Сегодня мне ничего не грозит. Никто не появится у меня в дверях по крайней мере до завтрашнего утра. Я возьму Роана, наполню ладони шелком его кожи, завернусь в сладкий аромат его тела. Кому от этого будет плохо?
Но это говорили Слезы, а не я. Сегодня мне надо заставить голову работать, если я собираюсь убраться из города. Полиции это не понравится, но копы меня не убьют, а родственники убьют. И вообще в Калифорнии даже смертной казни нет.
Платье разорвалось настолько, что я попыталась стянуть рукава с плеч, как у жакета, но молния держала их на месте. Спереди платье густо и склизко пропиталось маслом. Никогда не видела, чтобы кто-то так безрассудно тратил вещество, которое даже сидхе считают драгоценным. Но если бы я погибла с Алистером Нортоном, то сидхейский колдун мог бы считать, что никто не знает, что такое Слезы Бранвэйн. Сидхе весьма снобистски думают о том, что знают и чего не знают низшие фейри.
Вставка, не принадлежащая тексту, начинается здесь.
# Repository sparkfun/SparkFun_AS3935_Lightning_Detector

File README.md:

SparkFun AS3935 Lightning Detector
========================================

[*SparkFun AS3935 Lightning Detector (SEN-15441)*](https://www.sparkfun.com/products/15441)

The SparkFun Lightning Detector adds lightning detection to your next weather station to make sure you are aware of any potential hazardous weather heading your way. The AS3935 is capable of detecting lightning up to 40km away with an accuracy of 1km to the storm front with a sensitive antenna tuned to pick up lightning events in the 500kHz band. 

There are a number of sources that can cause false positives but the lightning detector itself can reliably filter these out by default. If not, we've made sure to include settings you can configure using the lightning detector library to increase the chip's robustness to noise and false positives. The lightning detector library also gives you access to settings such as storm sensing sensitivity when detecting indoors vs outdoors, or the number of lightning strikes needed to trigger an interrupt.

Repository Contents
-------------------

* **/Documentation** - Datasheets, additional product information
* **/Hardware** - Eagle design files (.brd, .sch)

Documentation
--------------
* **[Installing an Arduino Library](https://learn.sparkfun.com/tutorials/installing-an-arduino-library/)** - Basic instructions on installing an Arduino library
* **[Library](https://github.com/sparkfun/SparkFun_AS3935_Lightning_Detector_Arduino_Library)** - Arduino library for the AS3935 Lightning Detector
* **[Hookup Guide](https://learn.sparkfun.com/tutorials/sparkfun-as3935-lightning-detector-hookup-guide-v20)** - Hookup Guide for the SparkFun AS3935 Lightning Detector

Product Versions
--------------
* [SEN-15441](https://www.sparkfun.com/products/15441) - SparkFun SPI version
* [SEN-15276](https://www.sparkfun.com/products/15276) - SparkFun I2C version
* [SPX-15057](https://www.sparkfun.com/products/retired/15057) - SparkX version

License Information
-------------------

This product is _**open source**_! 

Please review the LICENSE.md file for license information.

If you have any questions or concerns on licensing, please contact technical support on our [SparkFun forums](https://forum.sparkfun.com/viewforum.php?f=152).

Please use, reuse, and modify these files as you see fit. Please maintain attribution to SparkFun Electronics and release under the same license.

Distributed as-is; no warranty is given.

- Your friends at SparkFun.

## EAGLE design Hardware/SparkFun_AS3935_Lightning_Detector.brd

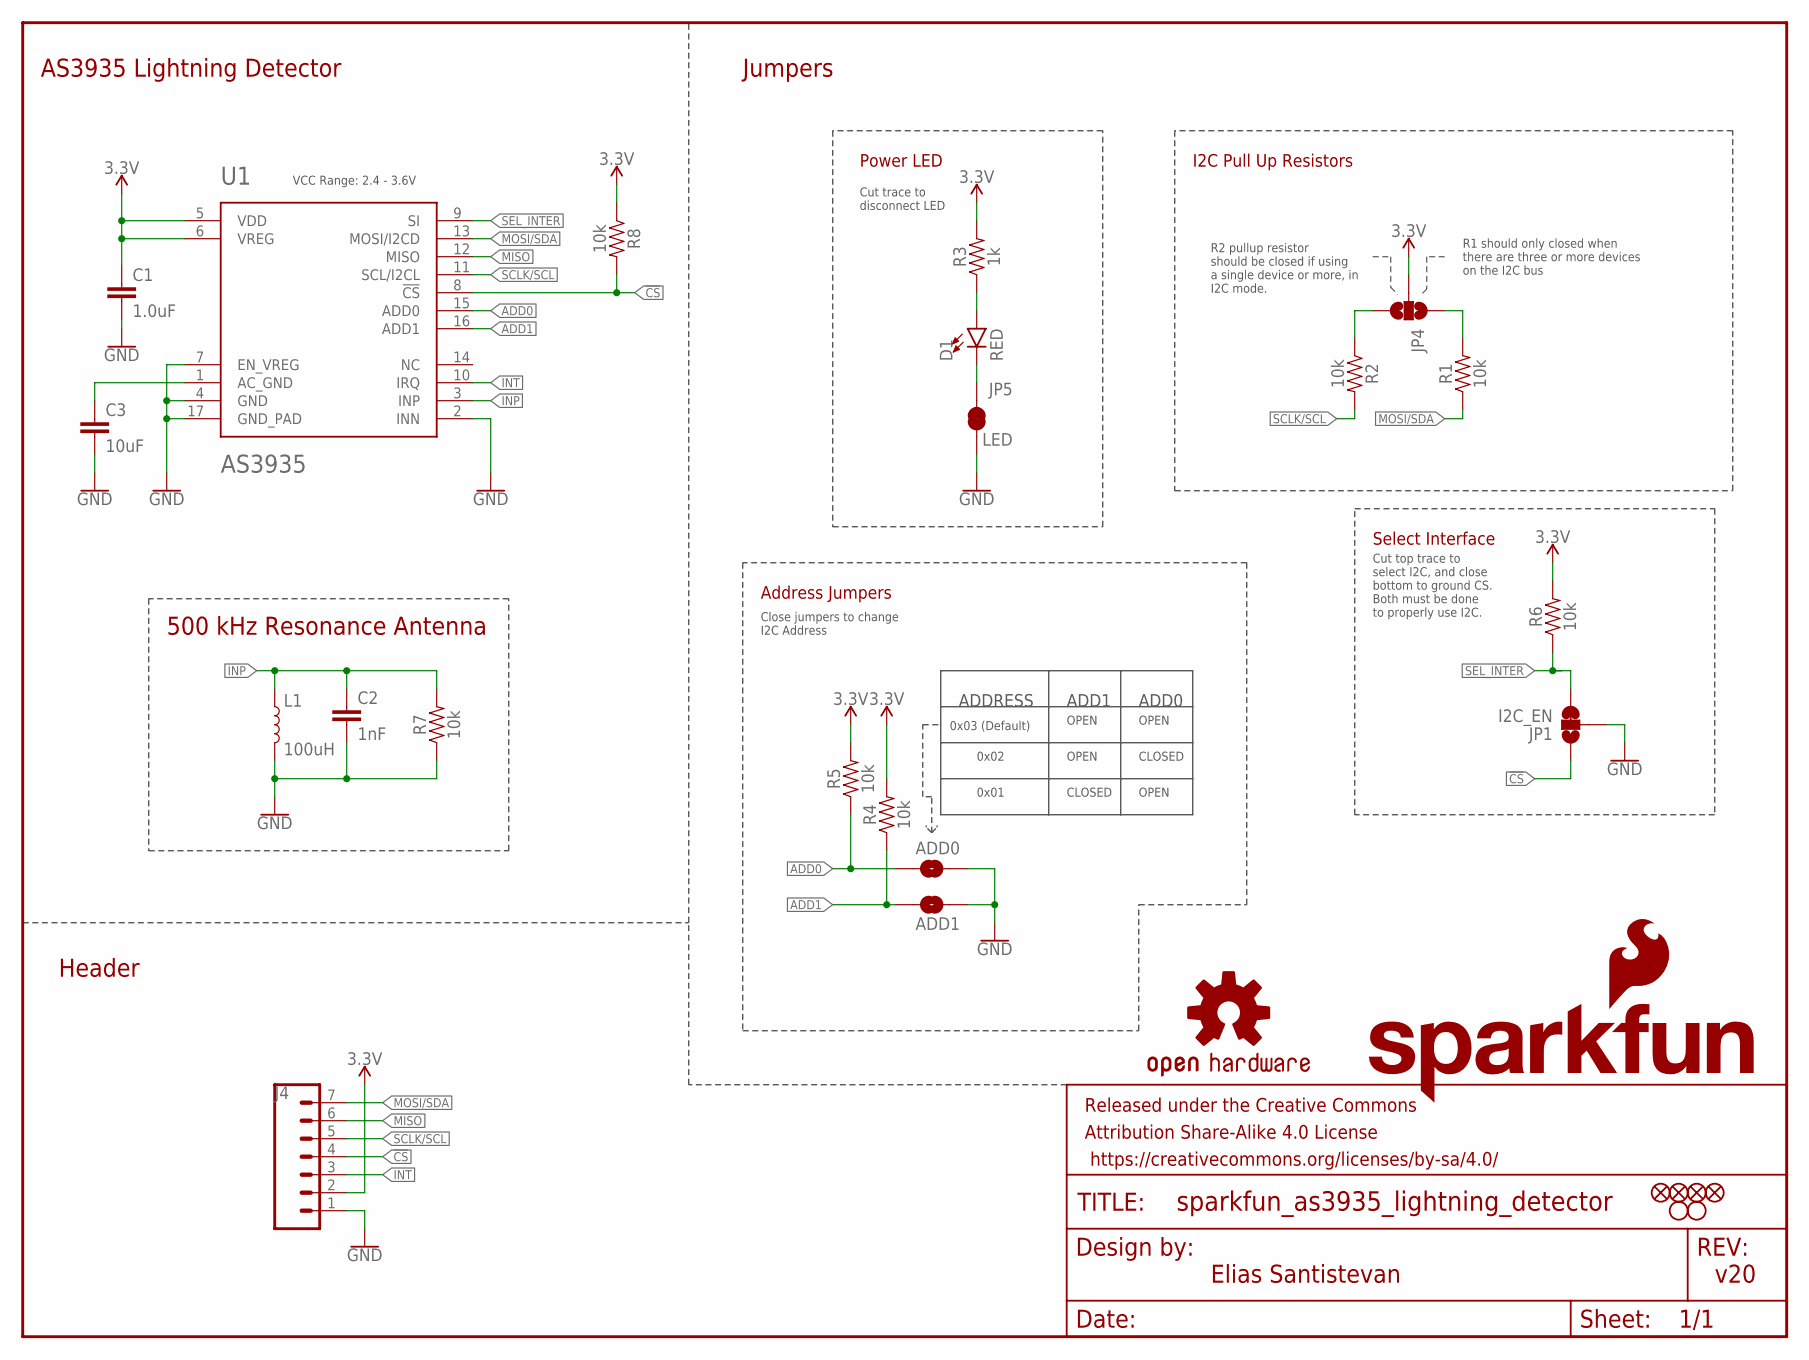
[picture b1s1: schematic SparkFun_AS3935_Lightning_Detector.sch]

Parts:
ADD0, ADD1: JUMPER-SMT_2_NO_SILK; SMT-JUMPER_2_NO_SILK
C1: 1.0uF; 0603
C2: 1nF; 0603
C3: 10uF; 0603
D1: RED; LED-0603
FD1, FD2, FD3, FD4: FIDUCIAL1X2; FIDUCIAL-1X2
FRAME1: FRAME-LETTER; CREATIVE_COMMONS
H1, H2: STAND-OFFTIGHT; STAND-OFF-TIGHT
J4: CONN_07NO_SILK; 1X07_NO_SILK
JP1: I2C_EN; SMT-JUMPER_3_1-NC_TRACE_SILK
JP4: JUMPER-SMT_3_NO_SILK; SMT-JUMPER_3_NO_SILK
JP5: LED; SMT-JUMPER_2_NC_TRACE_SILK
L1: 100uH; MA5532-AE
LOGO1: OSHW-LOGOS; OSHW-LOGO-S
LOGO2: SFE_LOGO_NAME.1_INCH; SFE_LOGO_NAME_.1
LOGO3: SFE_LOGO_FLAME.2_INCH; SFE_LOGO_FLAME_.2
R1, R2, R4, R5, R6, R7, R8: 10k; 0603
R3: 1k; 0603
U1: AS3935; 16LD_MLPQ

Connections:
3.3V: C1.1, J4.2, JP4.2, R3.2, R4.2, R5.2, R6.2, R8.1, U1.5 (VDD), U1.6 (VREG)
!CS: J4.4, JP1.1, R8.2, U1.8 (!CS)
ADD0: ADD0.1, R5.1, U1.15 (ADD0)
ADD1: ADD1.1, R4.1, U1.16 (ADD1)
GND: ADD0.2, ADD1.2, C1.2, C2.2, C3.2, J4.1, JP1.2, JP5.1, L1.2, R7.1, U1.2 (INN), U1.4 (GND), U1.7 (EN_VREG), U1.17 (GND_PAD)
INP: C2.1, L1.1, R7.2, U1.3 (INP)
INT: J4.3, U1.10 (IRQ)
MISO: J4.6, U1.12 (MISO)
MOSI/SDA: J4.7, R1.1, U1.13 (MOSI/I2CD)
unnamed: D1.A, R3.1
unnamed: C3.1, U1.1 (AC_GND)
unnamed: JP4.1, R1.2
unnamed: JP4.3, R2.1
unnamed: D1.C, JP5.2
SCLK/SCL: J4.5, R2.2, U1.11 (SCL/I2CL)
SEL_INTER: JP1.3, R6.1, U1.9 (SI)

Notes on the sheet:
Elias Santistevan
v20
AS3935 Lightning Detector
Jumpers
Header
500 kHz Resonance Antenna
R1 should only closed when there are three or more devices on the I2C bus
Close jumpers to change I2C Address
ADD0
ADD1
OPEN
CLOSED
ADDRESS
0x03 (Default)
0x02
VCC Range: 2.4 - 3.6V
Cut trace to disconnect LED
0x01
R2 pullup resistor should be closed if using a single device or more, in I2C mode.
Power LED
I2C Pull Up Resistors
Address Jumpers
Select Interface
Cut top trace to select I2C, and close bottom to ground CS. Both must be done to properly use I2C.

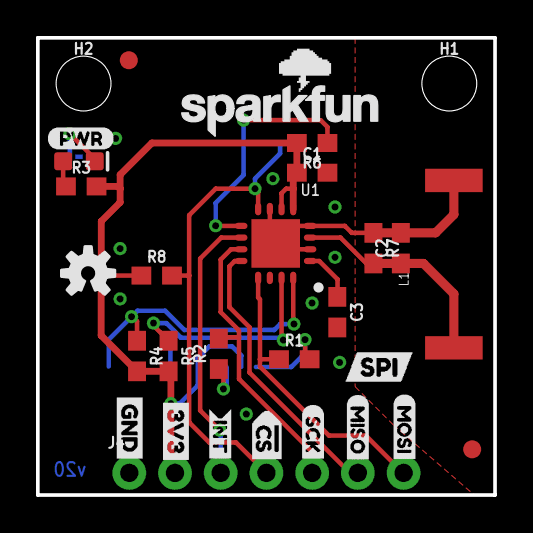
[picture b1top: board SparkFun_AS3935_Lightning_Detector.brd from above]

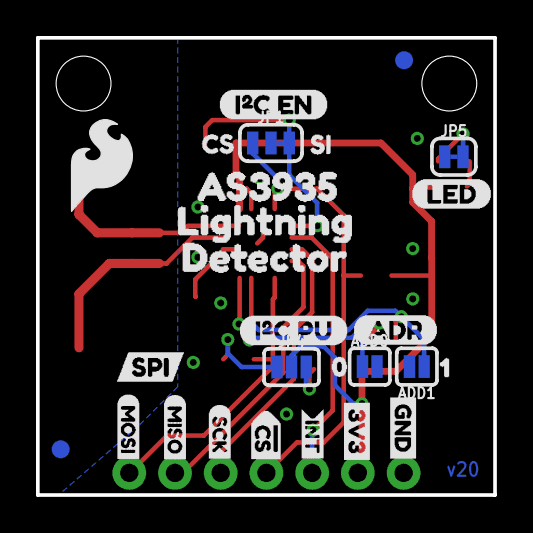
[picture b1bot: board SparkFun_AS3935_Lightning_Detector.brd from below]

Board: 2 copper layers, 25.4 x 25.4 mm, 59 parts (27 on the bottom side), 16 nets.

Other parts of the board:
U$1: LED0
U$2, U$10: GND-03
U$3, U$15: SPI1
U$4, U$18: 3V3-03
U$5, U$30: #CS0
U$6: AS39350
U$7: LIGHTNING0
U$8, U$23: SCK-(]-03
U$9, U$12: MISO-(]-03
U$11, U$22: MOSI-(]-03
U$13, U$14: INT0
U$16: CS0
U$17: I#C_EN0
U$19: SI1
U$32: PWR-()-03
U$33: ADR-()-04
U$34: I#C_PU0
U$36: 10
U$37: 00
U$39: DETECTOR0
U$40: ##0

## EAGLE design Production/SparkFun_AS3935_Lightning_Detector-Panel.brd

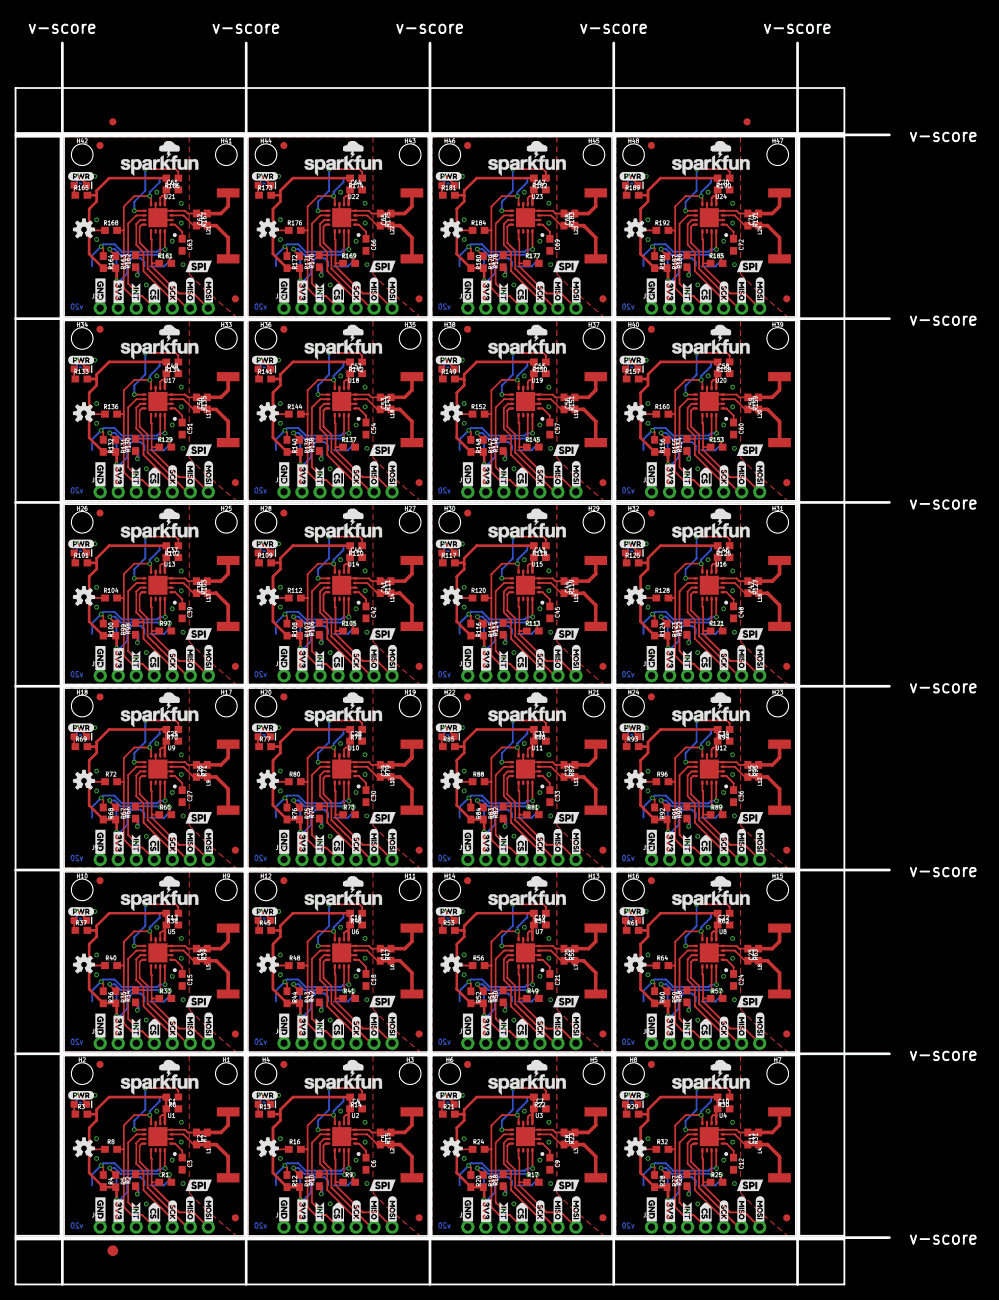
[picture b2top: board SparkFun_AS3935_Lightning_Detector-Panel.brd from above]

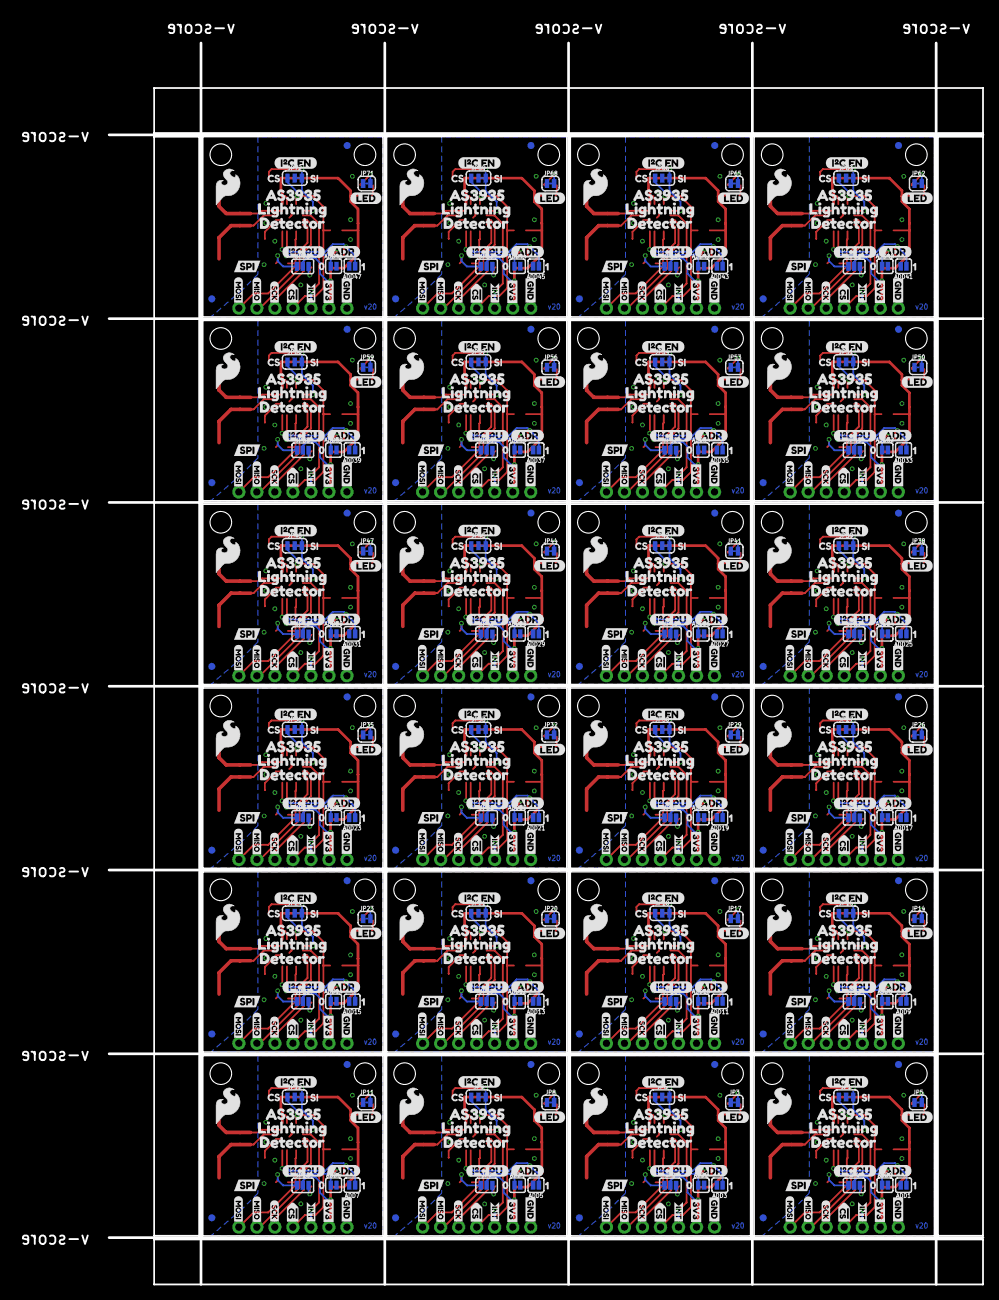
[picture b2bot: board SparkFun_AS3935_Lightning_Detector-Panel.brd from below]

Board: 2 copper layers, 136.4 x 178.9 mm, 1395 parts (648 on the bottom side), 384 nets.

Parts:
ADD0, ADD1, ADD2, ADD3, ADD4, ADD5, ADD6, ADD7, ADD8, ADD9, ADD10, ADD11, ADD12, ADD13, ADD14, ADD15, ADD16, ADD17, ADD18, ADD19, ADD20, ADD21, ADD22, ADD23, ADD24, ADD25, ADD26, ADD27, ADD28, ADD29, ADD30, ADD31, ADD32, ADD33, ADD34, ADD35, ADD36, ADD37, ADD38, ADD39, ADD40, ADD41, ADD42, ADD43, ADD44, ADD45, ADD46, ADD47: JUMPER-SMT_2_NO_SILK; SMT-JUMPER_2_NO_SILK
C1, C4, C7, C10, C13, C16, C19, C22, C25, C28, C31, C34, C37, C40, C43, C46, C49, C52, C55, C58, C61, C64, C67, C70: 1.0uF; 0603
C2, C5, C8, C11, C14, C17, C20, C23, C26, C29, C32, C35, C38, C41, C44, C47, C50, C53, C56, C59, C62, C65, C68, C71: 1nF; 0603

Колдун или колдунья полагали, что, если я погибну, им ничего грозить не будет.
Эти сидхе, кто бы они ни были, передали Слезы Бранвэйн смертному для использования против феи. Это наказуемо вечной мукой. У бессмертия есть свои теневые стороны, и одна из них – что наказание может длиться очень, очень долго.
Конечно, как и наслаждение. Я закрыла глаза, будто это могло отогнать приплывающие ко мне образы. Но я думала не о Роане – о Гриффине. Он был моим женихом несколько лет. Если бы мы смогли сделать ребенка, мы стали бы мужем и женой. Но ребенка не было, а потом осталось только страдание. Он изменил мне с другой женщиной-сидхе, а когда мне хватило дурного вкуса упрекнуть его, он мне сказал, что надоело ему быть с полукровкой-смертной. Ему нужна настоящая вещь, а не бледное подражание. Эти слова до сих пор звенели у меня в ушах, но перед глазами стояли его золотистая кожа, медные волосы, упавшие поперек моего тела. Я уже много лет о нем не думала – и вот ощущаю его вкус на губах.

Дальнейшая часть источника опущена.